__Task requirements__
Repeat the data below in full and exactly.

((

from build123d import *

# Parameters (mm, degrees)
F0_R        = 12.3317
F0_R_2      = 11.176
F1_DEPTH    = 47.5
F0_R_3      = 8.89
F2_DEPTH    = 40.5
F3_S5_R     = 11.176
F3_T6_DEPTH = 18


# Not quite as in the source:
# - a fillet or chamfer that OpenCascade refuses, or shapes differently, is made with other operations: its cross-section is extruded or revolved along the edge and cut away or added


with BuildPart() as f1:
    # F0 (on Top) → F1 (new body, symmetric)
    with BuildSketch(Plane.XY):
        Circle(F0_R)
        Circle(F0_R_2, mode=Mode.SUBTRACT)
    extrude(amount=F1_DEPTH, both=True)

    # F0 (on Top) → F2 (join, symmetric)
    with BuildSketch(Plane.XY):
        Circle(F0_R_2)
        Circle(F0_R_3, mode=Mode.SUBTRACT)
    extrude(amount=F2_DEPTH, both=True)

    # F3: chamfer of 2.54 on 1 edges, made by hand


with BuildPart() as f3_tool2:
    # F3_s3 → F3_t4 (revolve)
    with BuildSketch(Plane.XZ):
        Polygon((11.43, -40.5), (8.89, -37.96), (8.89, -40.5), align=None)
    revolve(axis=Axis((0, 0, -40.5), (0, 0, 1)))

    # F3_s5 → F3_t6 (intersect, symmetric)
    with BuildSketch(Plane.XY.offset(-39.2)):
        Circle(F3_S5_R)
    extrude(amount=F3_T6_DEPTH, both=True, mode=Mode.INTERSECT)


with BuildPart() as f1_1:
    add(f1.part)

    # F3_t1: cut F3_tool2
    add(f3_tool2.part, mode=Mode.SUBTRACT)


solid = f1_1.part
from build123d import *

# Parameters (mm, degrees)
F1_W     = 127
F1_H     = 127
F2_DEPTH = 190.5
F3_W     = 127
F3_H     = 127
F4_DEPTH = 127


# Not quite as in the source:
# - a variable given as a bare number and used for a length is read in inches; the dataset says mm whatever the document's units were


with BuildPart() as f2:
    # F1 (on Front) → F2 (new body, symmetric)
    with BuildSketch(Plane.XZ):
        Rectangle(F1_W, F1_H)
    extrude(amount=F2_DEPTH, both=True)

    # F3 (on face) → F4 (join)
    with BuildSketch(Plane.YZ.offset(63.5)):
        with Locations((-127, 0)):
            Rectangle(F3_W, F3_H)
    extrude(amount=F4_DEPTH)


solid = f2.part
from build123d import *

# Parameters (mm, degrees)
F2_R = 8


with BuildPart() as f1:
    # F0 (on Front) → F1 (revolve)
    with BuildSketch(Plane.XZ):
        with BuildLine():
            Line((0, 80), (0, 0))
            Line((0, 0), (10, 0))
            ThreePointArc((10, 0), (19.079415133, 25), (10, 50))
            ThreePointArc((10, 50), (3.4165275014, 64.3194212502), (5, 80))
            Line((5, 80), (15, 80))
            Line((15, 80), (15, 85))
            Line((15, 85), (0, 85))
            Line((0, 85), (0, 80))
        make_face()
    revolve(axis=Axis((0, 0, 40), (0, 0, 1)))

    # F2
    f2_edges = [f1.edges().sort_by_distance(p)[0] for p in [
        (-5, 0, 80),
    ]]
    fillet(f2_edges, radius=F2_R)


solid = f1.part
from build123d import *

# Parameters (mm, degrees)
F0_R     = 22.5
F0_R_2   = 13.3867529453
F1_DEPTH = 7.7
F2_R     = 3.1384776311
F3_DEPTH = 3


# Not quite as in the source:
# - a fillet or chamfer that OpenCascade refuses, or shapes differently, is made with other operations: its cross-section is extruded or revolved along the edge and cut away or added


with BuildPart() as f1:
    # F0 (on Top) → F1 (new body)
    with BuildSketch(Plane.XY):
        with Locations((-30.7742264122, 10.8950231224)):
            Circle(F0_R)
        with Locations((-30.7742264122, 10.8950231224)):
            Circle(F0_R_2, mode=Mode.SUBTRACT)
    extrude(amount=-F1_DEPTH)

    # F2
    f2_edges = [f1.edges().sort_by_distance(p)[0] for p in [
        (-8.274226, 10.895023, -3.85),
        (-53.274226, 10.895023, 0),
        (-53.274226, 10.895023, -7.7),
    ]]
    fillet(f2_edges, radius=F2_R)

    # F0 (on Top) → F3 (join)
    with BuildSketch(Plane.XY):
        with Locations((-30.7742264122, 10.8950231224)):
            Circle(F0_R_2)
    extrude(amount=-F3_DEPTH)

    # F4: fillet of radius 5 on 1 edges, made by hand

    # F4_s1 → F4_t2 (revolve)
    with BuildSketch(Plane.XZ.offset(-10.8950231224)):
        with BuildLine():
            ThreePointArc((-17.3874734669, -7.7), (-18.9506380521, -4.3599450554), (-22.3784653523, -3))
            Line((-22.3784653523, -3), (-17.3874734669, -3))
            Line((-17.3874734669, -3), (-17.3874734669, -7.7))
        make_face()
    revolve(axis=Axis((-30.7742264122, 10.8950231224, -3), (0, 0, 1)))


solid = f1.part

))

__Answer space__
from build123d import *

# Parameters (mm, degrees)
F0_R        = 12.3317
F0_R_2      = 11.176
F1_DEPTH    = 47.5
F0_R_3      = 8.89
F2_DEPTH    = 40.5
F3_S5_R     = 11.176
F3_T6_DEPTH = 18


# Not quite as in the source:
# - a fillet or chamfer that OpenCascade refuses, or shapes differently, is made with other operations: its cross-section is extruded or revolved along the edge and cut away or added


with BuildPart() as f1:
    # F0 (on Top) → F1 (new body, symmetric)
    with BuildSketch(Plane.XY):
        Circle(F0_R)
        Circle(F0_R_2, mode=Mode.SUBTRACT)
    extrude(amount=F1_DEPTH, both=True)

    # F0 (on Top) → F2 (join, symmetric)
    with BuildSketch(Plane.XY):
        Circle(F0_R_2)
        Circle(F0_R_3, mode=Mode.SUBTRACT)
    extrude(amount=F2_DEPTH, both=True)

    # F3: chamfer of 2.54 on 1 edges, made by hand


with BuildPart() as f3_tool2:
    # F3_s3 → F3_t4 (revolve)
    with BuildSketch(Plane.XZ):
        Polygon((11.43, -40.5), (8.89, -37.96), (8.89, -40.5), align=None)
    revolve(axis=Axis((0, 0, -40.5), (0, 0, 1)))

    # F3_s5 → F3_t6 (intersect, symmetric)
    with BuildSketch(Plane.XY.offset(-39.2)):
        Circle(F3_S5_R)
    extrude(amount=F3_T6_DEPTH, both=True, mode=Mode.INTERSECT)


with BuildPart() as f1_1:
    add(f1.part)

    # F3_t1: cut F3_tool2
    add(f3_tool2.part, mode=Mode.SUBTRACT)


solid = f1_1.part
from build123d import *

# Parameters (mm, degrees)
F1_W     = 127
F1_H     = 127
F2_DEPTH = 190.5
F3_W     = 127
F3_H     = 127
F4_DEPTH = 127


# Not quite as in the source:
# - a variable given as a bare number and used for a length is read in inches; the dataset says mm whatever the document's units were


with BuildPart() as f2:
    # F1 (on Front) → F2 (new body, symmetric)
    with BuildSketch(Plane.XZ):
        Rectangle(F1_W, F1_H)
    extrude(amount=F2_DEPTH, both=True)

    # F3 (on face) → F4 (join)
    with BuildSketch(Plane.YZ.offset(63.5)):
        with Locations((-127, 0)):
            Rectangle(F3_W, F3_H)
    extrude(amount=F4_DEPTH)


solid = f2.part
from build123d import *

# Parameters (mm, degrees)
F2_R = 8


with BuildPart() as f1:
    # F0 (on Front) → F1 (revolve)
    with BuildSketch(Plane.XZ):
        with BuildLine():
            Line((0, 80), (0, 0))
            Line((0, 0), (10, 0))
            ThreePointArc((10, 0), (19.079415133, 25), (10, 50))
            ThreePointArc((10, 50), (3.4165275014, 64.3194212502), (5, 80))
            Line((5, 80), (15, 80))
            Line((15, 80), (15, 85))
            Line((15, 85), (0, 85))
            Line((0, 85), (0, 80))
        make_face()
    revolve(axis=Axis((0, 0, 40), (0, 0, 1)))

    # F2
    f2_edges = [f1.edges().sort_by_distance(p)[0] for p in [
        (-5, 0, 80),
    ]]
    fillet(f2_edges, radius=F2_R)


solid = f1.part
from build123d import *

# Parameters (mm, degrees)
F0_R     = 22.5
F0_R_2   = 13.3867529453
F1_DEPTH = 7.7
F2_R     = 3.1384776311
F3_DEPTH = 3


# Not quite as in the source:
# - a fillet or chamfer that OpenCascade refuses, or shapes differently, is made with other operations: its cross-section is extruded or revolved along the edge and cut away or added


with BuildPart() as f1:
    # F0 (on Top) → F1 (new body)
    with BuildSketch(Plane.XY):
        with Locations((-30.7742264122, 10.8950231224)):
            Circle(F0_R)
        with Locations((-30.7742264122, 10.8950231224)):
            Circle(F0_R_2, mode=Mode.SUBTRACT)
    extrude(amount=-F1_DEPTH)

    # F2
    f2_edges = [f1.edges().sort_by_distance(p)[0] for p in [
        (-8.274226, 10.895023, -3.85),
        (-53.274226, 10.895023, 0),
        (-53.274226, 10.895023, -7.7),
    ]]
    fillet(f2_edges, radius=F2_R)

    # F0 (on Top) → F3 (join)
    with BuildSketch(Plane.XY):
        with Locations((-30.7742264122, 10.8950231224)):
            Circle(F0_R_2)
    extrude(amount=-F3_DEPTH)

    # F4: fillet of radius 5 on 1 edges, made by hand

    # F4_s1 → F4_t2 (revolve)
    with BuildSketch(Plane.XZ.offset(-10.8950231224)):
        with BuildLine():
            ThreePointArc((-17.3874734669, -7.7), (-18.9506380521, -4.3599450554), (-22.3784653523, -3))
            Line((-22.3784653523, -3), (-17.3874734669, -3))
            Line((-17.3874734669, -3), (-17.3874734669, -7.7))
        make_face()
    revolve(axis=Axis((-30.7742264122, 10.8950231224, -3), (0, 0, 1)))


solid = f1.part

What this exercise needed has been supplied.